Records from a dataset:
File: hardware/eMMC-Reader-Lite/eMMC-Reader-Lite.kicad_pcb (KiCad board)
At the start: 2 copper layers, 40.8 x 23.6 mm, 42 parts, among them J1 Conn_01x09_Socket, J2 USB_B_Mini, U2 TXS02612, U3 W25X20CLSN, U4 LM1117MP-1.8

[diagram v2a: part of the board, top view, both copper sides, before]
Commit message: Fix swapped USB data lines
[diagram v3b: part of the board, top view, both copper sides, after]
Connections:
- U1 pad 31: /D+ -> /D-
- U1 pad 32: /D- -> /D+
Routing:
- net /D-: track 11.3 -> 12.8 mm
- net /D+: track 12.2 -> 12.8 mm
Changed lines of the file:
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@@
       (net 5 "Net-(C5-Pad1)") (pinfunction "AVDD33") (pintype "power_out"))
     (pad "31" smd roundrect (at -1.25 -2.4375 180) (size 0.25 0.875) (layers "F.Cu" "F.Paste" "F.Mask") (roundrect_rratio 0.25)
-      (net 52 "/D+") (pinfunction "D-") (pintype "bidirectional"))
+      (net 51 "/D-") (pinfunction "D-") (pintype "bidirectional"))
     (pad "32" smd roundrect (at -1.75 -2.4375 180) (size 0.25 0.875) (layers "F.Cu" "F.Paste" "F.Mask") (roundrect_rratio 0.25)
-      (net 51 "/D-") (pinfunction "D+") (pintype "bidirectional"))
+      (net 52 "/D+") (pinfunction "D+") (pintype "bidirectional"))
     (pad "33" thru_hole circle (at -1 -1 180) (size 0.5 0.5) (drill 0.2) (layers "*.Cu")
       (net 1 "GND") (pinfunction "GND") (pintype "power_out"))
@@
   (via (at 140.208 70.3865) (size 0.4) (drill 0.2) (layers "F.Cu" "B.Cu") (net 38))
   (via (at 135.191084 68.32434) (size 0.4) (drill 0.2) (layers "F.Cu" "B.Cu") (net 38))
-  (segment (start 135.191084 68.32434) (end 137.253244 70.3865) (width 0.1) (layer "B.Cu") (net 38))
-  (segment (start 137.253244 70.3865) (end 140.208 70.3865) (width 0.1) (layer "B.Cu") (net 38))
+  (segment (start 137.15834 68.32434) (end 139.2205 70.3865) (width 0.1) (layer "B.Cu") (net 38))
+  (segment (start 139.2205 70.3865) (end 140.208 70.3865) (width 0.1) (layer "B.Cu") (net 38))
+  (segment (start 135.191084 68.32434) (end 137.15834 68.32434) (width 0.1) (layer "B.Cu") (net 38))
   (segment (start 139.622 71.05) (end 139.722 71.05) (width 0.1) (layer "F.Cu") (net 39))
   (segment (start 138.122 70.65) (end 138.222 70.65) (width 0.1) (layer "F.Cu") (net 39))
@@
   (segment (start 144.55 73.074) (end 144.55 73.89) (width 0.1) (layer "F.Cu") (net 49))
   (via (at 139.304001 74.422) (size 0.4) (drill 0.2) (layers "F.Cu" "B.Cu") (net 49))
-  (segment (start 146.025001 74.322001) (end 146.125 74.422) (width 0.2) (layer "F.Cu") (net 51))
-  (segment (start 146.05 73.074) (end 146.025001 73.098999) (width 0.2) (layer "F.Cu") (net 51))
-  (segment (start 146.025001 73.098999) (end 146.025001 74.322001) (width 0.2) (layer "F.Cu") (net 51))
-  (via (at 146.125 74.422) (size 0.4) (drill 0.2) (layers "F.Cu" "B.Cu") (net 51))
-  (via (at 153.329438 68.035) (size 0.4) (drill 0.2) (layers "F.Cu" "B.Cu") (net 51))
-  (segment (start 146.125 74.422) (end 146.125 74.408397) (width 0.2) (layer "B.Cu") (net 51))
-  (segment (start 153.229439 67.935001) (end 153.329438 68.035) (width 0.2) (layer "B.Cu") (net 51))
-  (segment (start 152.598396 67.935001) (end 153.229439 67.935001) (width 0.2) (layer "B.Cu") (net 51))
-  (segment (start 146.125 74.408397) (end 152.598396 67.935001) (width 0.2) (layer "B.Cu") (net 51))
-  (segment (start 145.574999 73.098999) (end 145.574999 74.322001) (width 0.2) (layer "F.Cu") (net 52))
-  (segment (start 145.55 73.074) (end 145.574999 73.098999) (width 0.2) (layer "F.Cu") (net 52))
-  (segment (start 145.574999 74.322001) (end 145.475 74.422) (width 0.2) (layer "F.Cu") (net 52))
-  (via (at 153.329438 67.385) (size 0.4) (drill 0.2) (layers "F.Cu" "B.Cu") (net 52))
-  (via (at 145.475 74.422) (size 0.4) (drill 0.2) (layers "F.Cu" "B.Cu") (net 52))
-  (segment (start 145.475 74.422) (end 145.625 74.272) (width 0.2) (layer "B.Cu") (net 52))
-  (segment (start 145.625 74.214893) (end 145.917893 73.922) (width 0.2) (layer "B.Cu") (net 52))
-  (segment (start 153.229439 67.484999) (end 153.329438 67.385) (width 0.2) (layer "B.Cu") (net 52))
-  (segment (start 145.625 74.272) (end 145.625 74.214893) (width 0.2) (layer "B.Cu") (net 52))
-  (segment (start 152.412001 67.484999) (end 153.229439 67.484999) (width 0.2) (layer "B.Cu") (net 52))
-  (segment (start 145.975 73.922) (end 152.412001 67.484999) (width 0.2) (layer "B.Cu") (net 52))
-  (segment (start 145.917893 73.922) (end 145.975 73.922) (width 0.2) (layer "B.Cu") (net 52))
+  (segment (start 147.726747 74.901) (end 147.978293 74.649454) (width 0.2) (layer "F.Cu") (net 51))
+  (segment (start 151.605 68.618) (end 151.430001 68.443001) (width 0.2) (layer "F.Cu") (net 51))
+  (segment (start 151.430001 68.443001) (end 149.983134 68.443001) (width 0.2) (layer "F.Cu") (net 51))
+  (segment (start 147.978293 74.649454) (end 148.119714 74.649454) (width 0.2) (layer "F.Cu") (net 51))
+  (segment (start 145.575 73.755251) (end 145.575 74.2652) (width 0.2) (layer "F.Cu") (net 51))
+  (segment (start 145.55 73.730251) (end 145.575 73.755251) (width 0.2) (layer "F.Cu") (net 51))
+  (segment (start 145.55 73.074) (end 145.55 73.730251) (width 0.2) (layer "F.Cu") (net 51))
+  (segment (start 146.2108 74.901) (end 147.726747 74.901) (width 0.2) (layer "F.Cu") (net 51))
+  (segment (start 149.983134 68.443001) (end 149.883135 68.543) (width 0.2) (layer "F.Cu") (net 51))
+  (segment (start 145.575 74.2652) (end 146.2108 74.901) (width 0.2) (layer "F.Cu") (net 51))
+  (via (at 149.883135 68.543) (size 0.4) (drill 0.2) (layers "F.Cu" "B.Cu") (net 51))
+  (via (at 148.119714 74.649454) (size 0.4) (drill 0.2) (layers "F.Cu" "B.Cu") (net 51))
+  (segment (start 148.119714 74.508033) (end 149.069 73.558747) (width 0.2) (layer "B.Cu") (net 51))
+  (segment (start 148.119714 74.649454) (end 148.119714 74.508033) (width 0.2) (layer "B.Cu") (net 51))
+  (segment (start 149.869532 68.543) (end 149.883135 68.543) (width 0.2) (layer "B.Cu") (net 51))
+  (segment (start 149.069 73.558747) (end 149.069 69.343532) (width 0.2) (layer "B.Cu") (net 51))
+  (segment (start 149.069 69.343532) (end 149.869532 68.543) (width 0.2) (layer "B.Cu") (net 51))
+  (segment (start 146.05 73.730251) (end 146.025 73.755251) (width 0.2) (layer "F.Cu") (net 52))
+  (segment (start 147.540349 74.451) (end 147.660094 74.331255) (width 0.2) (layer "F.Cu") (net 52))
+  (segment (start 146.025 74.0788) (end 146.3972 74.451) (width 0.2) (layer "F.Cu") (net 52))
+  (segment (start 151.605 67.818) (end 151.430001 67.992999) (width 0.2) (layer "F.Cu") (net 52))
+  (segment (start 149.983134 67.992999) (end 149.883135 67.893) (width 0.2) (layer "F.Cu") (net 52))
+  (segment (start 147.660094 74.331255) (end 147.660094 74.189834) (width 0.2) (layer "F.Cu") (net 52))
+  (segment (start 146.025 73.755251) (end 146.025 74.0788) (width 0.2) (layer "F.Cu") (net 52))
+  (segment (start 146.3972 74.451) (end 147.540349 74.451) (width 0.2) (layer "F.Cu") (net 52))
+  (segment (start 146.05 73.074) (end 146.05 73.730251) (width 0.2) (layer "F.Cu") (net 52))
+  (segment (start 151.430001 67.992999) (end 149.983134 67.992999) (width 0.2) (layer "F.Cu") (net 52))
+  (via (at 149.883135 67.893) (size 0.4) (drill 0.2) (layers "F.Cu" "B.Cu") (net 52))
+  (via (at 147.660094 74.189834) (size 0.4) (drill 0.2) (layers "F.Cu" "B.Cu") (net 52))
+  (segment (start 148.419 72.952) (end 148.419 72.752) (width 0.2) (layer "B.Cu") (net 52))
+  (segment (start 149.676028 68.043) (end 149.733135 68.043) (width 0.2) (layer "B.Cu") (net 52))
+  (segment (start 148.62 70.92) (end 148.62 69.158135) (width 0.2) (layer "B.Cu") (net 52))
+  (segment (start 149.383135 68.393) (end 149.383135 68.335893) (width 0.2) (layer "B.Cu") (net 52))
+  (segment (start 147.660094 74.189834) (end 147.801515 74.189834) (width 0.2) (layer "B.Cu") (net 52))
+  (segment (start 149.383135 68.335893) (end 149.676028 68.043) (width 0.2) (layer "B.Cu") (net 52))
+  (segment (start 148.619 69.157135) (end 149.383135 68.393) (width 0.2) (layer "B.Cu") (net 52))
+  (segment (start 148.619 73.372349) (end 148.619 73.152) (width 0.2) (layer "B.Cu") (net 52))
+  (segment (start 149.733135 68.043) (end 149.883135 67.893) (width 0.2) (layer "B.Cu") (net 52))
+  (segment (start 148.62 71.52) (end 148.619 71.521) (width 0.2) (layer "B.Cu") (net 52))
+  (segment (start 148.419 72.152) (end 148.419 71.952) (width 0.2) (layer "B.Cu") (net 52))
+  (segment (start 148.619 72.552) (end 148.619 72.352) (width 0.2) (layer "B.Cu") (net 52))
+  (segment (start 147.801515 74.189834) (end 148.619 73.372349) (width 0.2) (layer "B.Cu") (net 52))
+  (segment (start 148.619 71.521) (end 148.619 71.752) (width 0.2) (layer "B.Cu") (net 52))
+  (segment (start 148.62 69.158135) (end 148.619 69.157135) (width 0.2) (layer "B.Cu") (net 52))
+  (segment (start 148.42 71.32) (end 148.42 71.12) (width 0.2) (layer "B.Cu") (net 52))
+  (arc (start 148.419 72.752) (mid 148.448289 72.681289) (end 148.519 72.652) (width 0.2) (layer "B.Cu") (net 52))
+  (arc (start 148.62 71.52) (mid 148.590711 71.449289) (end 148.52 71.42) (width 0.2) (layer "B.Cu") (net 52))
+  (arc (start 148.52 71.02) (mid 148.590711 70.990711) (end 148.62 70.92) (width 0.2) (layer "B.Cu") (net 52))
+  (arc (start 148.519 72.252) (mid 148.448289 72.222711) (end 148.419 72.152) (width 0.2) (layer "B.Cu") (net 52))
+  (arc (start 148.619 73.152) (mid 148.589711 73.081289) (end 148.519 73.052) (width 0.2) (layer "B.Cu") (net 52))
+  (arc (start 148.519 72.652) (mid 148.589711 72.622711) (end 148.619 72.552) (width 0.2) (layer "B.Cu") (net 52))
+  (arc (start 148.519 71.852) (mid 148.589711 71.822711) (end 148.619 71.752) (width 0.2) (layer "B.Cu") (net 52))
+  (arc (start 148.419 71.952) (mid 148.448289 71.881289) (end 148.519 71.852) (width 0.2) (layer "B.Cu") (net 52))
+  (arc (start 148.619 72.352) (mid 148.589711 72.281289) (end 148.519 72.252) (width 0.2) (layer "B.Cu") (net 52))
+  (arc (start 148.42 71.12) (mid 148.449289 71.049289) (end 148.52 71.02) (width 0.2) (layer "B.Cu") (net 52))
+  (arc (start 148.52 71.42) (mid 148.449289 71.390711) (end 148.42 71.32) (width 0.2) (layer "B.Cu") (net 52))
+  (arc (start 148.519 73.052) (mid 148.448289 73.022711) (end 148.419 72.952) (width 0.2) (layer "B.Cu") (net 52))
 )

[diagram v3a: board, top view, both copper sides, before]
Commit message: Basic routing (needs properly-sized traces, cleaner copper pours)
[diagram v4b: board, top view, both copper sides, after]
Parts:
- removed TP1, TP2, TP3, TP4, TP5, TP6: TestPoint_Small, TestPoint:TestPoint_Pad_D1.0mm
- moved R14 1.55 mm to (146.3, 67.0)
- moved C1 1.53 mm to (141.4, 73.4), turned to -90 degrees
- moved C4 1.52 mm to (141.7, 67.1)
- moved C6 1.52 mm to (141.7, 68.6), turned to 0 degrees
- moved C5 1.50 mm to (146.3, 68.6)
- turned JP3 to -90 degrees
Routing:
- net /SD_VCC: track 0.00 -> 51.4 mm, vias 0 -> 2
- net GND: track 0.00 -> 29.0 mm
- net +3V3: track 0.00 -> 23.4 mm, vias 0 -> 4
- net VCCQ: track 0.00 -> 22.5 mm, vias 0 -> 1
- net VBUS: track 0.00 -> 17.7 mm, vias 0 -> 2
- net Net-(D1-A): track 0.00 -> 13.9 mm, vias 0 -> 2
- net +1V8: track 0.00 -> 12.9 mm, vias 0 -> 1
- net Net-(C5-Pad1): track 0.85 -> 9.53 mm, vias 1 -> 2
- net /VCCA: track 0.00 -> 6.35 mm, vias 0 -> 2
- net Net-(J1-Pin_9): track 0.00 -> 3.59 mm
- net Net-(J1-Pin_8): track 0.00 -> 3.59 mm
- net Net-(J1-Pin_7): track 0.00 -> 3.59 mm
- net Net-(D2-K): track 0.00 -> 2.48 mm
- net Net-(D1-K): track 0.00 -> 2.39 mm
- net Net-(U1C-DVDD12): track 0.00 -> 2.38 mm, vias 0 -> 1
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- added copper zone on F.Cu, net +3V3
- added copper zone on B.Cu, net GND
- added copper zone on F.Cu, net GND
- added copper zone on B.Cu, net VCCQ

*The problem*
Copy out each line of the data that includes the string "VCCQ".

*Written response*
- net VCCQ: track 0.00 -> 22.5 mm, vias 0 -> 1
- added copper zone on B.Cu, net VCCQ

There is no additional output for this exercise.